→ WHAT IS EXPECTED
When you reach the line containing "line L44 (-6.8081, -0.0086)" in the entries below, begin reproducing lines exactly, and stop once the line containing "spline S4 degree" is done.
**** RAW DATA ****
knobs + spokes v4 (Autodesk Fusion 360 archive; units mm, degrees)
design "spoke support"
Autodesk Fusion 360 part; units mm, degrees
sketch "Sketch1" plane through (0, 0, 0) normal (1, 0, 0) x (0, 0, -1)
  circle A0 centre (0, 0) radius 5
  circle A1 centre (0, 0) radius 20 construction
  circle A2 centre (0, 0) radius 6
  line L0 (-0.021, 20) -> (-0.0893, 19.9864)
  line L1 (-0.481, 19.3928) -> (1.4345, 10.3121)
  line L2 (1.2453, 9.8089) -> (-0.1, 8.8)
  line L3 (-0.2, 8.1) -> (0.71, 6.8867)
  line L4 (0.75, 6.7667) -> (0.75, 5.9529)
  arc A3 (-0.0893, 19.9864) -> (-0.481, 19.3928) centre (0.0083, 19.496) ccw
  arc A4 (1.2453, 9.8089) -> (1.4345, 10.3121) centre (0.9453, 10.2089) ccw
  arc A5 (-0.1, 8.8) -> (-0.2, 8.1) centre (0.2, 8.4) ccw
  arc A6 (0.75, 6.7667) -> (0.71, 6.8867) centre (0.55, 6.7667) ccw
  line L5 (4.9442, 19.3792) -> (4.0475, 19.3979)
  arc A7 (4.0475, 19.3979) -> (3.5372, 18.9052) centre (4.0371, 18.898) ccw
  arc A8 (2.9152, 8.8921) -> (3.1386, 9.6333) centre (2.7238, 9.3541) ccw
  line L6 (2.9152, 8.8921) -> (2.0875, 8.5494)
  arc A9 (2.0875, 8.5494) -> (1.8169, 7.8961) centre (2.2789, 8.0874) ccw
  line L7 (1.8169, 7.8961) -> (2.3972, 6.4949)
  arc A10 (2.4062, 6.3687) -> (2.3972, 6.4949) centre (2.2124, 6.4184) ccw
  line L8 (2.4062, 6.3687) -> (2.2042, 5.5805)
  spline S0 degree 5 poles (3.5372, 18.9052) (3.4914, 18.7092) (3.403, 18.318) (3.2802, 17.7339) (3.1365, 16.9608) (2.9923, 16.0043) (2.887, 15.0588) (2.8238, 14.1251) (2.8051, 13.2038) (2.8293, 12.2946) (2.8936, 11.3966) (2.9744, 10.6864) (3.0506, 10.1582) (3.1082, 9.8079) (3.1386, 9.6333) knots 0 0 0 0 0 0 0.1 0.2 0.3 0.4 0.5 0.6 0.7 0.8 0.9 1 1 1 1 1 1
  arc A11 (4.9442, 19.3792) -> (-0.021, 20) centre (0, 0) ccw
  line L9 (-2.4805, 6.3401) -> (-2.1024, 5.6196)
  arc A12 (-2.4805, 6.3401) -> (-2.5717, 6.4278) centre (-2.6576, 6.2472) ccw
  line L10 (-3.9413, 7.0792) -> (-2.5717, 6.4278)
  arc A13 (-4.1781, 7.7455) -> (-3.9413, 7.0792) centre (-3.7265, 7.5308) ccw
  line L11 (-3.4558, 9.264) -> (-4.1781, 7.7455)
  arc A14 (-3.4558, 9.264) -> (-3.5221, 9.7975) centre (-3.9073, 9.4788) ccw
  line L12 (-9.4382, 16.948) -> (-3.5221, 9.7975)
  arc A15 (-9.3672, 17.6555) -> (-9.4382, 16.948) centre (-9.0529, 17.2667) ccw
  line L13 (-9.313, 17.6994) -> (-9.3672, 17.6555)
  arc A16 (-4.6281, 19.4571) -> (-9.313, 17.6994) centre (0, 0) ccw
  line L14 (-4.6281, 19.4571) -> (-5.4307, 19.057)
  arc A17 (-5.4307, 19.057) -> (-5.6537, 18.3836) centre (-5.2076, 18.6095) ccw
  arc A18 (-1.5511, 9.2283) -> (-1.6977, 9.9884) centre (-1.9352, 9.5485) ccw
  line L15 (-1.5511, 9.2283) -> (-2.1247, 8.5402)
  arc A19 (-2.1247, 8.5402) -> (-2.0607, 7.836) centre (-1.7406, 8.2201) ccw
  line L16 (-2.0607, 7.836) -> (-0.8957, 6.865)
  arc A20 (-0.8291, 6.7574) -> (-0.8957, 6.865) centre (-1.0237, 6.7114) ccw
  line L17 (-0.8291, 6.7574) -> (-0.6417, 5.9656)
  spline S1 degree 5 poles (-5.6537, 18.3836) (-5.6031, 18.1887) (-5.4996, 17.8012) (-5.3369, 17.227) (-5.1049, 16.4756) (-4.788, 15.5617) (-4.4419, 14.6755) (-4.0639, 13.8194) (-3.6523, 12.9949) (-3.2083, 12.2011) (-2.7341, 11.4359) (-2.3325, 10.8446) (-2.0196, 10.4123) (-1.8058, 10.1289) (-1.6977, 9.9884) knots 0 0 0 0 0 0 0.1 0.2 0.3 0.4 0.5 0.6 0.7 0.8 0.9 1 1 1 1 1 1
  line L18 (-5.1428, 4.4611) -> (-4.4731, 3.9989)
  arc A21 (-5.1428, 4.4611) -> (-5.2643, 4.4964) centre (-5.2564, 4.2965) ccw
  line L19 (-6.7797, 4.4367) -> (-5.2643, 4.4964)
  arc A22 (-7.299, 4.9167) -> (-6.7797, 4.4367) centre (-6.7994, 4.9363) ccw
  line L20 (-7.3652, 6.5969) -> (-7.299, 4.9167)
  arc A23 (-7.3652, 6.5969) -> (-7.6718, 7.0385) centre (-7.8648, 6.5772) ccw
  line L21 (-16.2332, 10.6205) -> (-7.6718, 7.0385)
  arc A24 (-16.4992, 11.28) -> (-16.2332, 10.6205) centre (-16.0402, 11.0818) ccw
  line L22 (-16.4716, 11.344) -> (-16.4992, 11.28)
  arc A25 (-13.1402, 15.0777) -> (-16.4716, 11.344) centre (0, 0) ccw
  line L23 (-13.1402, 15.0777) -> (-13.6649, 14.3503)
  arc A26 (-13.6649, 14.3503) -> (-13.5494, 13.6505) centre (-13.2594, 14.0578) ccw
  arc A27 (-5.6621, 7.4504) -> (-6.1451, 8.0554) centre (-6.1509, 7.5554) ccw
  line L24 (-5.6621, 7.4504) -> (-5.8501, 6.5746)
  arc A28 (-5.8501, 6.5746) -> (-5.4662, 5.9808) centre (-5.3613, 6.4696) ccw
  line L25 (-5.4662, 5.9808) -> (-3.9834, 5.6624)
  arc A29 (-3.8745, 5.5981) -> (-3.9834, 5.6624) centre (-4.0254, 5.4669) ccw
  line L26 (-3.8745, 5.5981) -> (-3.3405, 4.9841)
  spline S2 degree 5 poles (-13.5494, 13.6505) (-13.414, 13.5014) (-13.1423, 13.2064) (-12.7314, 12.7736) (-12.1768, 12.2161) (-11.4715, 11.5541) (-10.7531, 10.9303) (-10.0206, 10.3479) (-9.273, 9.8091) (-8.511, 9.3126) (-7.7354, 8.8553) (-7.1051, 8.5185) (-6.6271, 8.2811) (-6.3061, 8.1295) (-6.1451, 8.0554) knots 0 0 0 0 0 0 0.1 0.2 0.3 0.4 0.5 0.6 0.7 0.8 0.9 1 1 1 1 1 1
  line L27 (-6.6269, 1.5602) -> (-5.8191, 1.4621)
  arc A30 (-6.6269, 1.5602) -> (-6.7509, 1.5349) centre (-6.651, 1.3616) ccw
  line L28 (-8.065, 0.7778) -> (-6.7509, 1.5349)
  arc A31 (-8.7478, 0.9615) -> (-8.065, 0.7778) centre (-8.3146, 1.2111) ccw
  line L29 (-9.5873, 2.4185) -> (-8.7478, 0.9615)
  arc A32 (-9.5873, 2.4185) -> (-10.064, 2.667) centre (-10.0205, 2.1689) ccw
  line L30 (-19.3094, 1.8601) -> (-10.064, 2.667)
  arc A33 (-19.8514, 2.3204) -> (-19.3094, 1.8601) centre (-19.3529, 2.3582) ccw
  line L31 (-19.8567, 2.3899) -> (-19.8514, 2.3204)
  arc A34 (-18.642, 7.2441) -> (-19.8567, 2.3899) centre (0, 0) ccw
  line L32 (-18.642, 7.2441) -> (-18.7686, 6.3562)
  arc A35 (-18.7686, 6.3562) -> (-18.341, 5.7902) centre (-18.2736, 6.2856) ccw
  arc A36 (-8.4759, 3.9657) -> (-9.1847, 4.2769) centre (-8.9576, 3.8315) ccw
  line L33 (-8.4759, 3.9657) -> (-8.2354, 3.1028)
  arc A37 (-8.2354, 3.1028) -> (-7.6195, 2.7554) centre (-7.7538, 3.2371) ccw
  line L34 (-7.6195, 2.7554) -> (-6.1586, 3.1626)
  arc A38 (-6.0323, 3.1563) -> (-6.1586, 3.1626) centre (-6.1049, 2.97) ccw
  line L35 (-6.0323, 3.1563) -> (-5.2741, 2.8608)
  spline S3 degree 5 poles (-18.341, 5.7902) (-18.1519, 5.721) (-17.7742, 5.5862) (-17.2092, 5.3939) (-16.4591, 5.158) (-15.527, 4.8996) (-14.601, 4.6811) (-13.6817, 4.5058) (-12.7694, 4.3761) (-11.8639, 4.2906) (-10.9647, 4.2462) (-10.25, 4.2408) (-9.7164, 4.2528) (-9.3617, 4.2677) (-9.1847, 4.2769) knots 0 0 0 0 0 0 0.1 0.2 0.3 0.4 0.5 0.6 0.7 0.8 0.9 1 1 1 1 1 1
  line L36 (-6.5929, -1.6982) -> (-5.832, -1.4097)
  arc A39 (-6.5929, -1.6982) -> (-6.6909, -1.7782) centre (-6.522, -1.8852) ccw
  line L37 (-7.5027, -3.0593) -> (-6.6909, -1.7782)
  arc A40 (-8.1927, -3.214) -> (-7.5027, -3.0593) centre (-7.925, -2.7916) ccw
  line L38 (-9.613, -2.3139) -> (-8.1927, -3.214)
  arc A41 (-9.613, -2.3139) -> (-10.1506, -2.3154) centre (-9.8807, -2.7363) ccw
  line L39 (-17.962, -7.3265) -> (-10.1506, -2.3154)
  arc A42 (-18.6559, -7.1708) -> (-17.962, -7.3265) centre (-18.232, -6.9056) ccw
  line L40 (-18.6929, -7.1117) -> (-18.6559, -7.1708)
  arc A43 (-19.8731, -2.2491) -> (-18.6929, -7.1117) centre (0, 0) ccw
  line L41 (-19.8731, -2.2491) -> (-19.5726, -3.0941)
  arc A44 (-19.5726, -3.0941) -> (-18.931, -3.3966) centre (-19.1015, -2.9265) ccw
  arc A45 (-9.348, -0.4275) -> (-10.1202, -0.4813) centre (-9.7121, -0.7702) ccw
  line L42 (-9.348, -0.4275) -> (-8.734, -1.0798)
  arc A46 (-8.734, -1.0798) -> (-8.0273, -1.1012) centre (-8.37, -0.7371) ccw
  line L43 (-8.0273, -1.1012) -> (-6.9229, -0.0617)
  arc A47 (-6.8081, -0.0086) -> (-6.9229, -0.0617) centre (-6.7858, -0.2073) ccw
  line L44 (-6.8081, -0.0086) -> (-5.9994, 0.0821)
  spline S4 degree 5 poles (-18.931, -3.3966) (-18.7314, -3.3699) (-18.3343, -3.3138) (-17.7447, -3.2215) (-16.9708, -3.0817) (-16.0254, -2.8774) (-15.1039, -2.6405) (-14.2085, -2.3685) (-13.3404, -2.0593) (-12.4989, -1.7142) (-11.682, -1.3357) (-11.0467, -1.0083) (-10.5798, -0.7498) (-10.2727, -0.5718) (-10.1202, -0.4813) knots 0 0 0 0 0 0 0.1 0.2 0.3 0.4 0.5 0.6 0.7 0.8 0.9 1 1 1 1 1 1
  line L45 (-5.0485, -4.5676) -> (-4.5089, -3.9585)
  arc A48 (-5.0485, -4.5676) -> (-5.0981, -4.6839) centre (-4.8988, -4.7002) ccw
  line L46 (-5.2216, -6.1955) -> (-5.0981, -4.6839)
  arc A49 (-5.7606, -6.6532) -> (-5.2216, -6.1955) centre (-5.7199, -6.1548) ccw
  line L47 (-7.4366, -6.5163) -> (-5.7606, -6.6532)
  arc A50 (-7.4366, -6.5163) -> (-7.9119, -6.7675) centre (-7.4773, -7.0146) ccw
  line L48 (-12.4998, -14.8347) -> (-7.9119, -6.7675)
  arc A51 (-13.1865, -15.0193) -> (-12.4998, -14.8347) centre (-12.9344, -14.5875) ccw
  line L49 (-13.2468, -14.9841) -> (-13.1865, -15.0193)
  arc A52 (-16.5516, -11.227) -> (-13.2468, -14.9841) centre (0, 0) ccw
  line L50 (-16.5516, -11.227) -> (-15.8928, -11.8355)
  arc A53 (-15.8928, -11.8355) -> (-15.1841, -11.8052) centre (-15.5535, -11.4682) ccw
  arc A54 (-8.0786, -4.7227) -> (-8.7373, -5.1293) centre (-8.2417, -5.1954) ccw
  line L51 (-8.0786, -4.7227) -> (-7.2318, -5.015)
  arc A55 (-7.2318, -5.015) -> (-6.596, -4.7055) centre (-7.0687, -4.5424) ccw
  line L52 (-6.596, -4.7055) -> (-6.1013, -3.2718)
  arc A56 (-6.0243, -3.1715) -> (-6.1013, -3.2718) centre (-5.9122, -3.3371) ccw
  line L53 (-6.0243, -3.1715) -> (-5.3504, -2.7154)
****
→ TASK SOLUTION
  line L44 (-6.8081, -0.0086) -> (-5.9994, 0.0821)
  spline S4 degree 5 poles (-18.931, -3.3966) (-18.7314, -3.3699) (-18.3343, -3.3138) (-17.7447, -3.2215) (-16.9708, -3.0817) (-16.0254, -2.8774) (-15.1039, -2.6405) (-14.2085, -2.3685) (-13.3404, -2.0593) (-12.4989, -1.7142) (-11.682, -1.3357) (-11.0467, -1.0083) (-10.5798, -0.7498) (-10.2727, -0.5718) (-10.1202, -0.4813) knots 0 0 0 0 0 0 0.1 0.2 0.3 0.4 0.5 0.6 0.7 0.8 0.9 1 1 1 1 1 1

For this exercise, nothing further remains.